# My first Fluke and set of Kleins



## Bama (Dec 17, 2010)

It was like Xmas!:thumbup: Not a bad starter set...


----------



## McClary’s Electrical (Feb 21, 2009)

Bama said:


> It was like Xmas!:thumbup: Not a bad starter set...


 
is that a114?


----------



## Bama (Dec 17, 2010)

115...I was hoping for temperature measurement capabilities but it'll do for now.


----------



## McClary’s Electrical (Feb 21, 2009)

Bama said:


> 115...I was hoping for temperature measurement capabilities but it'll do for now.


 

Nice set:thumbsup:


----------



## Josue (Apr 25, 2010)

Bama said:


> It was like Xmas!:thumbup: Not a bad starter set...


nice set, 
good for a starter.:thumbsup:


----------



## McClary’s Electrical (Feb 21, 2009)

Bama said:


> 115...I was hoping for temperature measurement capabilities but it'll do for now.


 
Is that a T&B crimper?


----------



## Bama (Dec 17, 2010)

Oh no. All the tools are Klein. This is the set that my teach ordered from our local supply house. I wish I could've picked and chose because I've learned alot from y'all on here. But hey, can't complain. I liked the way we got a beater in the set. From seeing some of the other noob sets that come from schools I got a pretty good deal. Nut drivers are my first supplement. You would think that would've been on the list but ya know...


----------



## 76nemo (Aug 13, 2008)

Nice find:thumbsup: As time goes on......consider the 116 and ebay the 115. The 115 was a mistake in my eyes. It's the only one in that line that doesn't have Auto-V and Low-Z, which even the 114 has. The 116 has temp. capability as well for you and microA measurement.

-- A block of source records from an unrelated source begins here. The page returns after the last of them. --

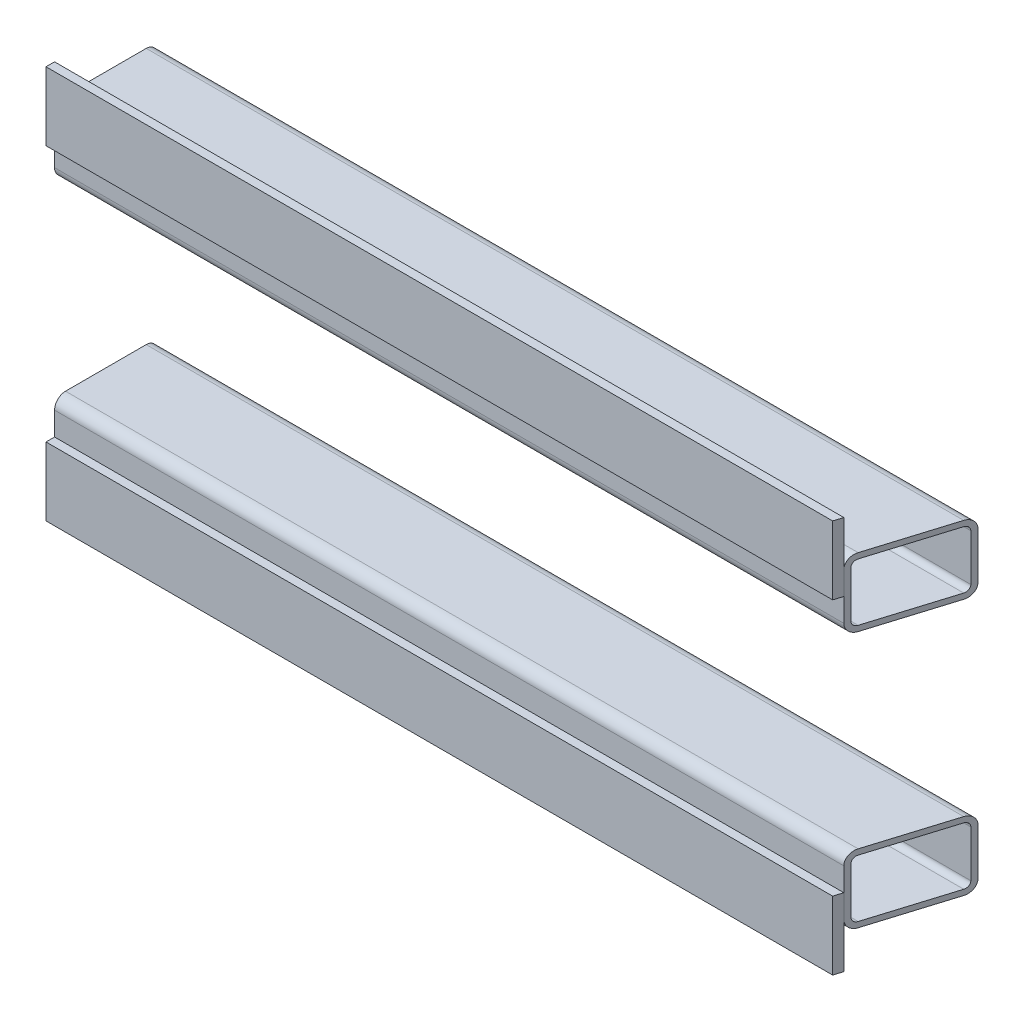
ISO-10303-21;
HEADER;
FILE_DESCRIPTION(('STEP AP214'),'2;1');
FILE_NAME('part.step','',(''),(''),'','','');
FILE_SCHEMA(('AUTOMOTIVE_DESIGN { 1 0 10303 214 1 1 1 1 }'));
ENDSEC;
DATA;
#1=APPLICATION_CONTEXT('core data for automotive mechanical design processes');
#2=APPLICATION_PROTOCOL_DEFINITION('international standard','automotive_design',2000,#1);
#3=PRODUCT_CONTEXT('',#1,'mechanical');
#4=PRODUCT('Part','Part','',(#3));
#5=PRODUCT_RELATED_PRODUCT_CATEGORY('part','',(#4));
#6=PRODUCT_DEFINITION_FORMATION('','',#4);
#7=PRODUCT_DEFINITION_CONTEXT('part definition',#1,'design');
#8=PRODUCT_DEFINITION('design','',#6,#7);
#9=PRODUCT_DEFINITION_SHAPE('','',#8);
#10=(LENGTH_UNIT() NAMED_UNIT(*) SI_UNIT(.MILLI.,.METRE.));
#11=(NAMED_UNIT(*) PLANE_ANGLE_UNIT() SI_UNIT($,.RADIAN.));
#12=(NAMED_UNIT(*) SI_UNIT($,.STERADIAN.) SOLID_ANGLE_UNIT());
#13=UNCERTAINTY_MEASURE_WITH_UNIT(LENGTH_MEASURE(1.E-05),#10,'distance_accuracy_value','');
#14=(GEOMETRIC_REPRESENTATION_CONTEXT(3) GLOBAL_UNCERTAINTY_ASSIGNED_CONTEXT((#13)) GLOBAL_UNIT_ASSIGNED_CONTEXT((#10,
#11,#12)) REPRESENTATION_CONTEXT('',''));
#15=CARTESIAN_POINT('',(0.,0.,0.));
#16=DIRECTION('',(0.,0.,1.));
#17=DIRECTION('',(1.,0.,0.));
#18=AXIS2_PLACEMENT_3D('',#15,#16,#17);
#19=CARTESIAN_POINT('',(-2336.14762409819,-7575.84302061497,60.));
#20=DIRECTION('',(0.,-1.,0.));
#21=DIRECTION('',(1.,0.,0.));
#22=AXIS2_PLACEMENT_3D('',#19,#20,#21);
#23=PLANE('',#22);
#24=DIRECTION('',(-0.294085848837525,0.,0.955779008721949));
#25=VECTOR('',#24,1.);
#26=CARTESIAN_POINT('',(-1856.14762409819,-7575.84302061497,3.52148865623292E-13));
#27=LINE('',#26,#25);
#28=CARTESIAN_POINT('',(-1874.60916255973,-7575.84302061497,60.));
#29=VERTEX_POINT('',#28);
#30=CARTESIAN_POINT('',(-1876.14762409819,-7575.84302061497,65.));
#31=VERTEX_POINT('',#30);
#32=EDGE_CURVE('E62',#29,#31,#27,.T.);
#33=ORIENTED_EDGE('',*,*,#32,.T.);
#34=DIRECTION('',(1.,0.,0.));
#35=VECTOR('',#34,1.);
#36=CARTESIAN_POINT('',(-2336.14762409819,-7575.84302061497,65.));
#37=LINE('',#36,#35);
#38=CARTESIAN_POINT('',(-2336.14762409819,-7575.84302061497,65.));
#39=VERTEX_POINT('',#38);
#40=EDGE_CURVE('E56',#39,#31,#37,.T.);
#41=ORIENTED_EDGE('',*,*,#40,.F.);
#42=DIRECTION('',(0.,0.,-1.));
#43=VECTOR('',#42,1.);
#44=CARTESIAN_POINT('',(-2336.14762409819,-7575.84302061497,60.));
#45=LINE('',#44,#43);
#46=CARTESIAN_POINT('',(-2336.14762409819,-7575.84302061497,60.));
#47=VERTEX_POINT('',#46);
#48=EDGE_CURVE('E114',#39,#47,#45,.T.);
#49=ORIENTED_EDGE('',*,*,#48,.T.);
#50=DIRECTION('',(1.,0.,0.));
#51=VECTOR('',#50,1.);
#52=CARTESIAN_POINT('',(-2336.14762409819,-7575.84302061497,60.));
#53=LINE('',#52,#51);
#54=EDGE_CURVE('E94',#47,#29,#53,.T.);
#55=ORIENTED_EDGE('',*,*,#54,.T.);
#56=EDGE_LOOP('',(#33,#41,#49,#55));
#57=FACE_BOUND('',#56,.T.);
#58=ADVANCED_FACE('F49',(#57),#23,.T.);
#59=CARTESIAN_POINT('',(-2336.14762409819,-7575.84302061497,65.));
#60=DIRECTION('',(0.,0.,1.));
#61=DIRECTION('',(0.,-1.,0.));
#62=AXIS2_PLACEMENT_3D('',#59,#60,#61);
#63=PLANE('',#62);
#64=DIRECTION('',(0.,1.,0.));
#65=VECTOR('',#64,1.);
#66=CARTESIAN_POINT('',(-1876.14762409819,-7575.84302061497,65.));
#67=LINE('',#66,#65);
#68=CARTESIAN_POINT('',(-1876.14762409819,-7535.84302061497,65.));
#69=VERTEX_POINT('',#68);
#70=EDGE_CURVE('E86',#31,#69,#67,.T.);
#71=ORIENTED_EDGE('',*,*,#70,.T.);
#72=DIRECTION('',(1.,0.,0.));
#73=VECTOR('',#72,1.);
#74=CARTESIAN_POINT('',(-2336.14762409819,-7535.84302061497,65.));
#75=LINE('',#74,#73);
#76=CARTESIAN_POINT('',(-2336.14762409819,-7535.84302061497,65.));
#77=VERTEX_POINT('',#76);
#78=EDGE_CURVE('E100',#77,#69,#75,.T.);
#79=ORIENTED_EDGE('',*,*,#78,.F.);
#80=DIRECTION('',(0.,-1.,0.));
#81=VECTOR('',#80,1.);
#82=CARTESIAN_POINT('',(-2336.14762409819,-7575.84302061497,65.));
#83=LINE('',#82,#81);
#84=EDGE_CURVE('E99',#77,#39,#83,.T.);
#85=ORIENTED_EDGE('',*,*,#84,.T.);
#86=ORIENTED_EDGE('',*,*,#40,.T.);
#87=EDGE_LOOP('',(#71,#79,#85,#86));
#88=FACE_BOUND('',#87,.T.);
#89=ADVANCED_FACE('F97',(#88),#63,.T.);
#90=CARTESIAN_POINT('',(-2336.14762409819,-7535.84302061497,60.));
#91=DIRECTION('',(0.,1.,0.));
#92=DIRECTION('',(-1.,0.,0.));
#93=AXIS2_PLACEMENT_3D('',#90,#91,#92);
#94=PLANE('',#93);
#95=DIRECTION('',(-0.294085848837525,0.,0.95577900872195));
#96=VECTOR('',#95,1.);
#97=CARTESIAN_POINT('',(-1914.52600247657,-7535.84302061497,189.729729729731));
#98=LINE('',#97,#96);
#99=CARTESIAN_POINT('',(-1874.60916255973,-7535.84302061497,60.));
#100=VERTEX_POINT('',#99);
#101=EDGE_CURVE('E89',#100,#69,#98,.T.);
#102=ORIENTED_EDGE('',*,*,#101,.F.);
#103=DIRECTION('',(1.,0.,0.));
#104=VECTOR('',#103,1.);
#105=CARTESIAN_POINT('',(-2336.14762409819,-7535.84302061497,60.));
#106=LINE('',#105,#104);
#107=CARTESIAN_POINT('',(-2336.14762409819,-7535.84302061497,60.));
#108=VERTEX_POINT('',#107);
#109=EDGE_CURVE('E102',#108,#100,#106,.T.);
#110=ORIENTED_EDGE('',*,*,#109,.F.);
#111=DIRECTION('',(0.,0.,1.));
#112=VECTOR('',#111,1.);
#113=CARTESIAN_POINT('',(-2336.14762409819,-7535.84302061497,60.));
#114=LINE('',#113,#112);
#115=EDGE_CURVE('E108',#108,#77,#114,.T.);
#116=ORIENTED_EDGE('',*,*,#115,.T.);
#117=ORIENTED_EDGE('',*,*,#78,.T.);
#118=EDGE_LOOP('',(#102,#110,#116,#117));
#119=FACE_BOUND('',#118,.T.);
#120=ADVANCED_FACE('F123',(#119),#94,.T.);
#121=CARTESIAN_POINT('',(-2336.14762409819,-7575.84302061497,60.));
#122=DIRECTION('',(0.,0.,-1.));
#123=DIRECTION('',(0.,1.,0.));
#124=AXIS2_PLACEMENT_3D('',#121,#122,#123);
#125=PLANE('',#124);
#126=DIRECTION('',(0.,1.,0.));
#127=VECTOR('',#126,1.);
#128=CARTESIAN_POINT('',(-1874.60916255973,-7575.84302061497,60.));
#129=LINE('',#128,#127);
#130=EDGE_CURVE('E12',#29,#100,#129,.T.);
#131=ORIENTED_EDGE('',*,*,#130,.F.);
#132=ORIENTED_EDGE('',*,*,#54,.F.);
#133=DIRECTION('',(0.,1.,0.));
#134=VECTOR('',#133,1.);
#135=CARTESIAN_POINT('',(-2336.14762409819,-7575.84302061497,60.));
#136=LINE('',#135,#134);
#137=EDGE_CURVE('E110',#47,#108,#136,.T.);
#138=ORIENTED_EDGE('',*,*,#137,.T.);
#139=ORIENTED_EDGE('',*,*,#109,.T.);
#140=EDGE_LOOP('',(#131,#132,#138,#139));
#141=FACE_BOUND('',#140,.T.);
#142=ADVANCED_FACE('F122',(#141),#125,.T.);
#143=CARTESIAN_POINT('',(-2336.14762409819,-7575.84302061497,65.));
#144=DIRECTION('',(-1.,0.,0.));
#145=DIRECTION('',(0.,0.,1.));
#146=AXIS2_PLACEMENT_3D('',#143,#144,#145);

Please don't let me rain on your parade,......you found a great set for sure!!!!:thumbup:

Was just thinking it was the 116 you were looking for, don't know what they were thinking with the 115


Anyway, good for you bro'!!!!!!!!!


----------



## william1978 (Sep 21, 2008)

Nice start.


----------



## 76nemo (Aug 13, 2008)

Sorry, just read your last post. I was assuming you found the set on ebay. It was your teacher that made the mistake with the 115, actually quite a foolish mistake in my eyes. I don't think he did his homework.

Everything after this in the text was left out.